TASK DETAILS: Filter the records below down to lines containing "height".
=== MATERIAL SHOWN ===
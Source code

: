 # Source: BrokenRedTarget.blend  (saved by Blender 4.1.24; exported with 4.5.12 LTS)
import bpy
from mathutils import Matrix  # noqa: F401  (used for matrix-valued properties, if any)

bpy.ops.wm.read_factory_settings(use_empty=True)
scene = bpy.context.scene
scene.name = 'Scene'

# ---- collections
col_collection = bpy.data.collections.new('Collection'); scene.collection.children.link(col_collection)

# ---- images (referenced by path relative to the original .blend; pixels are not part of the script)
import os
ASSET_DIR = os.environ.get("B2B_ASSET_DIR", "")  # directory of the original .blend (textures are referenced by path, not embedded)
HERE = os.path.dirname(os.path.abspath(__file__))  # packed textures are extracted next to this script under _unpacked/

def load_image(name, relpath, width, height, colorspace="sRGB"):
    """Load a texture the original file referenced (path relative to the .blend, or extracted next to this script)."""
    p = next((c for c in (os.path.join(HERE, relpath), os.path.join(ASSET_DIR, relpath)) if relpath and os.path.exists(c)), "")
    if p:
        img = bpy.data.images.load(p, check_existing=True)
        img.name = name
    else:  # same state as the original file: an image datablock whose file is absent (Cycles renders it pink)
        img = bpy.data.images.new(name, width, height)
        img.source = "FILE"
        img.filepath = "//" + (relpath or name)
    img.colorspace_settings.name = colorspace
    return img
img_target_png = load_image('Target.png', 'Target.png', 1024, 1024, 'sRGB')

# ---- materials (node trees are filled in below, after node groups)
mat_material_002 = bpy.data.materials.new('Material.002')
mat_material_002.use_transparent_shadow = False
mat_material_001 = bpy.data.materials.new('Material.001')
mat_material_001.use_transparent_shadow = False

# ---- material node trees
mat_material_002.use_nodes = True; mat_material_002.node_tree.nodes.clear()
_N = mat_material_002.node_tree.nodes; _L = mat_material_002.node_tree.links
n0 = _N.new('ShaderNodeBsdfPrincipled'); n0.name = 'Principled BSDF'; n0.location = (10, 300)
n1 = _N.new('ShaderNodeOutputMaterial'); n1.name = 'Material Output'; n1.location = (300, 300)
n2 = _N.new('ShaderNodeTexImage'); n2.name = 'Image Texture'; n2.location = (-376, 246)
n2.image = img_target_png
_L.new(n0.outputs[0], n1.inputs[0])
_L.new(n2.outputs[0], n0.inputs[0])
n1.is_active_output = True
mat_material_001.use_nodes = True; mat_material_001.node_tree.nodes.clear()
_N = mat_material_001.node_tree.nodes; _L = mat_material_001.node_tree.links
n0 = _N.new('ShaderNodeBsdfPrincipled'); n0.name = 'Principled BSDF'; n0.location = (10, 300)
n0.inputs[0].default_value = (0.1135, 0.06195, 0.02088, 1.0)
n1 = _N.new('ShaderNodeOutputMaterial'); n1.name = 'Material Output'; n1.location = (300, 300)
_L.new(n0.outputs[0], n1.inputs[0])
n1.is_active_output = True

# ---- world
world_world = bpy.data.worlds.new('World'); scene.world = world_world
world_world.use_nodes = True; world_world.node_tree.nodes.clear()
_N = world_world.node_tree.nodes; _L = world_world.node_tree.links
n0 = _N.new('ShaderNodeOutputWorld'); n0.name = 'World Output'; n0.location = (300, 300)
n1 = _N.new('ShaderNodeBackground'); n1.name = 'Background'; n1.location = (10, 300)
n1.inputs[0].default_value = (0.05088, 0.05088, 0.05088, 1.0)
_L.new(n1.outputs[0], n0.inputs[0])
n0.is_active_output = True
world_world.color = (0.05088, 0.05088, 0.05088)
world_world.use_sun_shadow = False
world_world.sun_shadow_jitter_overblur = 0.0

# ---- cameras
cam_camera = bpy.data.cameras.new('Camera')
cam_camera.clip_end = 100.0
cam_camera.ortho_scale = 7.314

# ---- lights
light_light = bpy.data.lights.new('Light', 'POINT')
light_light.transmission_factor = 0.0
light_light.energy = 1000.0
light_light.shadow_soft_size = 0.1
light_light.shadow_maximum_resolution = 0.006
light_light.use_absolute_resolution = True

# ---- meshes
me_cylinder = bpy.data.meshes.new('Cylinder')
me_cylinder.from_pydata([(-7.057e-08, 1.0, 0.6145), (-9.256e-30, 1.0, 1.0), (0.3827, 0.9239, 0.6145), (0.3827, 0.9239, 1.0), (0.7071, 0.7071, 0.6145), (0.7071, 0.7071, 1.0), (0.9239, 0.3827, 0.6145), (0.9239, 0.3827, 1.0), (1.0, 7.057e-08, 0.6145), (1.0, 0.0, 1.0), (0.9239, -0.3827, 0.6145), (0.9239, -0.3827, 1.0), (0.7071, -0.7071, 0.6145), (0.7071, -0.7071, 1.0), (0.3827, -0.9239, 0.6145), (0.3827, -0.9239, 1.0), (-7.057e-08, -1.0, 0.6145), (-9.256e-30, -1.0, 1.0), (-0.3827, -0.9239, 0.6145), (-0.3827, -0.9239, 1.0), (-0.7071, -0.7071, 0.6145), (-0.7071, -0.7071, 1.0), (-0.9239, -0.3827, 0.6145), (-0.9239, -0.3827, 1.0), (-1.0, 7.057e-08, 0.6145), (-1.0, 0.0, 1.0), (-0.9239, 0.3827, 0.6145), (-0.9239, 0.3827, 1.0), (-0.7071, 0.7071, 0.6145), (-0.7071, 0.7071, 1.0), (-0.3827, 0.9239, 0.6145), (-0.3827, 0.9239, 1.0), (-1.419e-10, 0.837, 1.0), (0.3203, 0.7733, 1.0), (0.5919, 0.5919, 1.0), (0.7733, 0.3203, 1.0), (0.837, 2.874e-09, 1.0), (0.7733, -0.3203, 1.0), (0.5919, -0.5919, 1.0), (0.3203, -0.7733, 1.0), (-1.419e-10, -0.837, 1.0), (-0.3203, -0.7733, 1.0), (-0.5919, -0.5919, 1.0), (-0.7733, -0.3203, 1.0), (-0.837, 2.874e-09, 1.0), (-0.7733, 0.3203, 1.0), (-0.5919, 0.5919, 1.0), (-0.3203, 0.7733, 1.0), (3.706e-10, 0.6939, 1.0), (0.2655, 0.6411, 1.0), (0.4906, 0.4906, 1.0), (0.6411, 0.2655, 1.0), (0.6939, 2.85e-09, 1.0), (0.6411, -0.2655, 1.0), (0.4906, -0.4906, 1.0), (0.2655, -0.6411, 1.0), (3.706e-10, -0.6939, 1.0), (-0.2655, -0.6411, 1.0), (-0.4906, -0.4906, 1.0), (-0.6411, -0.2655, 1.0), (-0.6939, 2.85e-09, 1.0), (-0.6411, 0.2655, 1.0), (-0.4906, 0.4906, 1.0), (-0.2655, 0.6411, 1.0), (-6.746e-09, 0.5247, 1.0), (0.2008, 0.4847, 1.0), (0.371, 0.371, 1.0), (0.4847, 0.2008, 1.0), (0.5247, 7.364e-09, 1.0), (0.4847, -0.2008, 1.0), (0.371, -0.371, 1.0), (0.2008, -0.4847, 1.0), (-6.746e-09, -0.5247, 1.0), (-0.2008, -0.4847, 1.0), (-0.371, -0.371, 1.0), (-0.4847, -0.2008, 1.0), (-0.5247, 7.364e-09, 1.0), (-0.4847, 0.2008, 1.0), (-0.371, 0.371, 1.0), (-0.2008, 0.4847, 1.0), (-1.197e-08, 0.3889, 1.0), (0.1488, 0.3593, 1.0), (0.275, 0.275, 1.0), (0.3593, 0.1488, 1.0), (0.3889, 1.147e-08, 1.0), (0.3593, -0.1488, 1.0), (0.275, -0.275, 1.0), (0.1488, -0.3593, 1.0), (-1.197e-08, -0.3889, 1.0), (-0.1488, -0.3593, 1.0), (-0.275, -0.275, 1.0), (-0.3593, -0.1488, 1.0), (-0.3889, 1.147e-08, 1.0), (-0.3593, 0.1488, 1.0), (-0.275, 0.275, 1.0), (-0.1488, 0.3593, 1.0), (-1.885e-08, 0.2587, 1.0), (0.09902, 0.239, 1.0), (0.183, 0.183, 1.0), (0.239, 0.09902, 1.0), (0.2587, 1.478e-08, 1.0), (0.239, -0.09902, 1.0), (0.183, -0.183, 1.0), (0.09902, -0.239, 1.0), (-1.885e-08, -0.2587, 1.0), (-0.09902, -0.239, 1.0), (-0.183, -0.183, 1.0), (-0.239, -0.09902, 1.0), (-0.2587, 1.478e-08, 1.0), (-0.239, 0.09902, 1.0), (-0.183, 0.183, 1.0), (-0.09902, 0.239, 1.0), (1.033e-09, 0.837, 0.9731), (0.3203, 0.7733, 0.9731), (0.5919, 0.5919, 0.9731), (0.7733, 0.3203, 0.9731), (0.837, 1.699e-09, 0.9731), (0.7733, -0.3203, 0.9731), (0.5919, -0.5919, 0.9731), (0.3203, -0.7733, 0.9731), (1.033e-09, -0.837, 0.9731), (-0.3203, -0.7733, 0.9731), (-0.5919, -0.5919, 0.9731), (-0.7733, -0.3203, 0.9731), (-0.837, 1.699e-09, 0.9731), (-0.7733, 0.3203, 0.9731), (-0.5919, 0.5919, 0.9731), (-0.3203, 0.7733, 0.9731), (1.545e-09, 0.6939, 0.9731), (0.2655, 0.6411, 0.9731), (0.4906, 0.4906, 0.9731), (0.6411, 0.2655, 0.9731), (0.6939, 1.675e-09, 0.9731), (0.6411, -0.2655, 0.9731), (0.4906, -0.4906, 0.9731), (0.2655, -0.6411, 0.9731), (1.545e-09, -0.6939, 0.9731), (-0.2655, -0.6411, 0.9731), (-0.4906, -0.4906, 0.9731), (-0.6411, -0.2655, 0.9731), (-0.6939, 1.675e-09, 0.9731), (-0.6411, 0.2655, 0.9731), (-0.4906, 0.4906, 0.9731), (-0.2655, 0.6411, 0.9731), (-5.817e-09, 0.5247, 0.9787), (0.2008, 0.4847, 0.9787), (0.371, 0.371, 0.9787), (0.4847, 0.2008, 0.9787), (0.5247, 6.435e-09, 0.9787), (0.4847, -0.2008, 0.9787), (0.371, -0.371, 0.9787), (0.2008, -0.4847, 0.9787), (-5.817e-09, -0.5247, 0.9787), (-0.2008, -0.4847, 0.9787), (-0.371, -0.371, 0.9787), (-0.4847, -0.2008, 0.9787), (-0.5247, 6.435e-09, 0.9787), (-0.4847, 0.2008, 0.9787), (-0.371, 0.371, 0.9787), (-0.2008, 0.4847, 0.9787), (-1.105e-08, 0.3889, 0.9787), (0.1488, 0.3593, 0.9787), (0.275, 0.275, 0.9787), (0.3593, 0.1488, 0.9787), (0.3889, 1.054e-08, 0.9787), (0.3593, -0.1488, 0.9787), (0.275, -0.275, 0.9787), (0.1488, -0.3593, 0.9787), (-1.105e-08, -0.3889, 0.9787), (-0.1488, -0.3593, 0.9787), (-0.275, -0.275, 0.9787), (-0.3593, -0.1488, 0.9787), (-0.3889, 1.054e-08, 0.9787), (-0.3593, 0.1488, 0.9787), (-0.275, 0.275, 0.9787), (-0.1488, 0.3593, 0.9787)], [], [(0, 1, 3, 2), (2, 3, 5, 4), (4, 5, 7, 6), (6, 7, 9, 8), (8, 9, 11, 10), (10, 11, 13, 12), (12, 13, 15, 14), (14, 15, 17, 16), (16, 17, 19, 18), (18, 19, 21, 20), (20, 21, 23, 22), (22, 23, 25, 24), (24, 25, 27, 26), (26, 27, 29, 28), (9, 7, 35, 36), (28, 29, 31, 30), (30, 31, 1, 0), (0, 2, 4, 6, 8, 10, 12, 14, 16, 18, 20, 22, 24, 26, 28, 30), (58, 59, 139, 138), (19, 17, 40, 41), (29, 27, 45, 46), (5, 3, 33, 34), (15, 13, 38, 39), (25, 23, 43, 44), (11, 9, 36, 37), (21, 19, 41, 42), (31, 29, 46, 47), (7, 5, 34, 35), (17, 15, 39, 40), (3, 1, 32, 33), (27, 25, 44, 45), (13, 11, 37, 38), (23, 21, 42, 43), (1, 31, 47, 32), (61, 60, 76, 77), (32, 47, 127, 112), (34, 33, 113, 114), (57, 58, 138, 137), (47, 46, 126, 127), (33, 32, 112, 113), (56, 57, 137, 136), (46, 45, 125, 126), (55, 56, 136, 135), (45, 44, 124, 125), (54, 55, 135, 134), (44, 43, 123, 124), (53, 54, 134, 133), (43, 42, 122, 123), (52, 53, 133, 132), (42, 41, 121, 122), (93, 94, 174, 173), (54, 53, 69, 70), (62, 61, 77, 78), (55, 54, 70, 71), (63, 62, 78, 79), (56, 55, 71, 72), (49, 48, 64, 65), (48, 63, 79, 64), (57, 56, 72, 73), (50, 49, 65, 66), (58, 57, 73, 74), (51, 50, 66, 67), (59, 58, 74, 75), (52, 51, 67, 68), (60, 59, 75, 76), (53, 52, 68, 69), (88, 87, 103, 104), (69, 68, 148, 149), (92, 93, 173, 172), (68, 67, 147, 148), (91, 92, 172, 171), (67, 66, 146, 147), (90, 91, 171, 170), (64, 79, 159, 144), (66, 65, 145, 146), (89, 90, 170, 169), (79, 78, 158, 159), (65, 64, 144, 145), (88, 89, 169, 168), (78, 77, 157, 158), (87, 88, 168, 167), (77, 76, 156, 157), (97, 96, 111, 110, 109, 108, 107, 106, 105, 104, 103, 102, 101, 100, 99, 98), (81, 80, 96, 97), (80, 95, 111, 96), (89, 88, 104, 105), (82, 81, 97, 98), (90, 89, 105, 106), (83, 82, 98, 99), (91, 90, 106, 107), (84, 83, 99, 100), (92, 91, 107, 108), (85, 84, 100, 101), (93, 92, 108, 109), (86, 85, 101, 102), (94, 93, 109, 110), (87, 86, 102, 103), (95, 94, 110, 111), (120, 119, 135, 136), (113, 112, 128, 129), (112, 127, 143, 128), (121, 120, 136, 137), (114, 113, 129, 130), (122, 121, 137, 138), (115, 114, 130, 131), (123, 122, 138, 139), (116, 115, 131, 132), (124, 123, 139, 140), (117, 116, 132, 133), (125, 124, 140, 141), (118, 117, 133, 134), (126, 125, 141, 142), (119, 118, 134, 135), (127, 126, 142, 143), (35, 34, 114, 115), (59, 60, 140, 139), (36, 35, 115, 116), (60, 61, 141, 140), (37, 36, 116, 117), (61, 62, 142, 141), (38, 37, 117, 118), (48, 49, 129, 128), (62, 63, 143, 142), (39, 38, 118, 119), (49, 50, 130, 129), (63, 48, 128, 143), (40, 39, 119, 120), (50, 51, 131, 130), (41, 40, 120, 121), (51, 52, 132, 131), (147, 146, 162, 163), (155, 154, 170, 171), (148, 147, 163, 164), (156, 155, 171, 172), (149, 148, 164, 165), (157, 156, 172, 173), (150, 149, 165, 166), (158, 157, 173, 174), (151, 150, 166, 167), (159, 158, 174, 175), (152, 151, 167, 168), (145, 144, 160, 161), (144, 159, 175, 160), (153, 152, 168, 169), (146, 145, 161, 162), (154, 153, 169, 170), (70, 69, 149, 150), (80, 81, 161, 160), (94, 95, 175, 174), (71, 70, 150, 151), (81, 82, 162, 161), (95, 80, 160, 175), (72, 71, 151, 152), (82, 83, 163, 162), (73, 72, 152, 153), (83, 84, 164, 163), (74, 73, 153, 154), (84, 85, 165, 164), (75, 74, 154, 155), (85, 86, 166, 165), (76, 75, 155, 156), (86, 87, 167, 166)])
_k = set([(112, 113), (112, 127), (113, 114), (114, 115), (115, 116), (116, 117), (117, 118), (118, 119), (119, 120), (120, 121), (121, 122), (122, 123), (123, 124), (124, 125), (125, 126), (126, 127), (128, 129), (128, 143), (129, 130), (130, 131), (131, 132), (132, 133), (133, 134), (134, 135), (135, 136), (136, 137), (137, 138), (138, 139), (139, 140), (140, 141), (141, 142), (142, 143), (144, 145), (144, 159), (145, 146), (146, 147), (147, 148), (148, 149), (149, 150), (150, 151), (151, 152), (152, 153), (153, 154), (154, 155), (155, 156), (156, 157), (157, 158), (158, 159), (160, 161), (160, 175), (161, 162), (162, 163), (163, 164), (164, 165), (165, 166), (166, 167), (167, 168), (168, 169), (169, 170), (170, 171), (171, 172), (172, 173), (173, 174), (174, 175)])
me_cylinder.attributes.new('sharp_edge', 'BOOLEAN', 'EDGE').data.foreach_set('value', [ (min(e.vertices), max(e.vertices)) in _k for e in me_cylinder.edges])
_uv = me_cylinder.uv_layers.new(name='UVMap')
===
EXPECTED ANSWER:
def load_image(name, relpath, width, height, colorspace="sRGB"):
        img = bpy.data.images.new(name, width, height)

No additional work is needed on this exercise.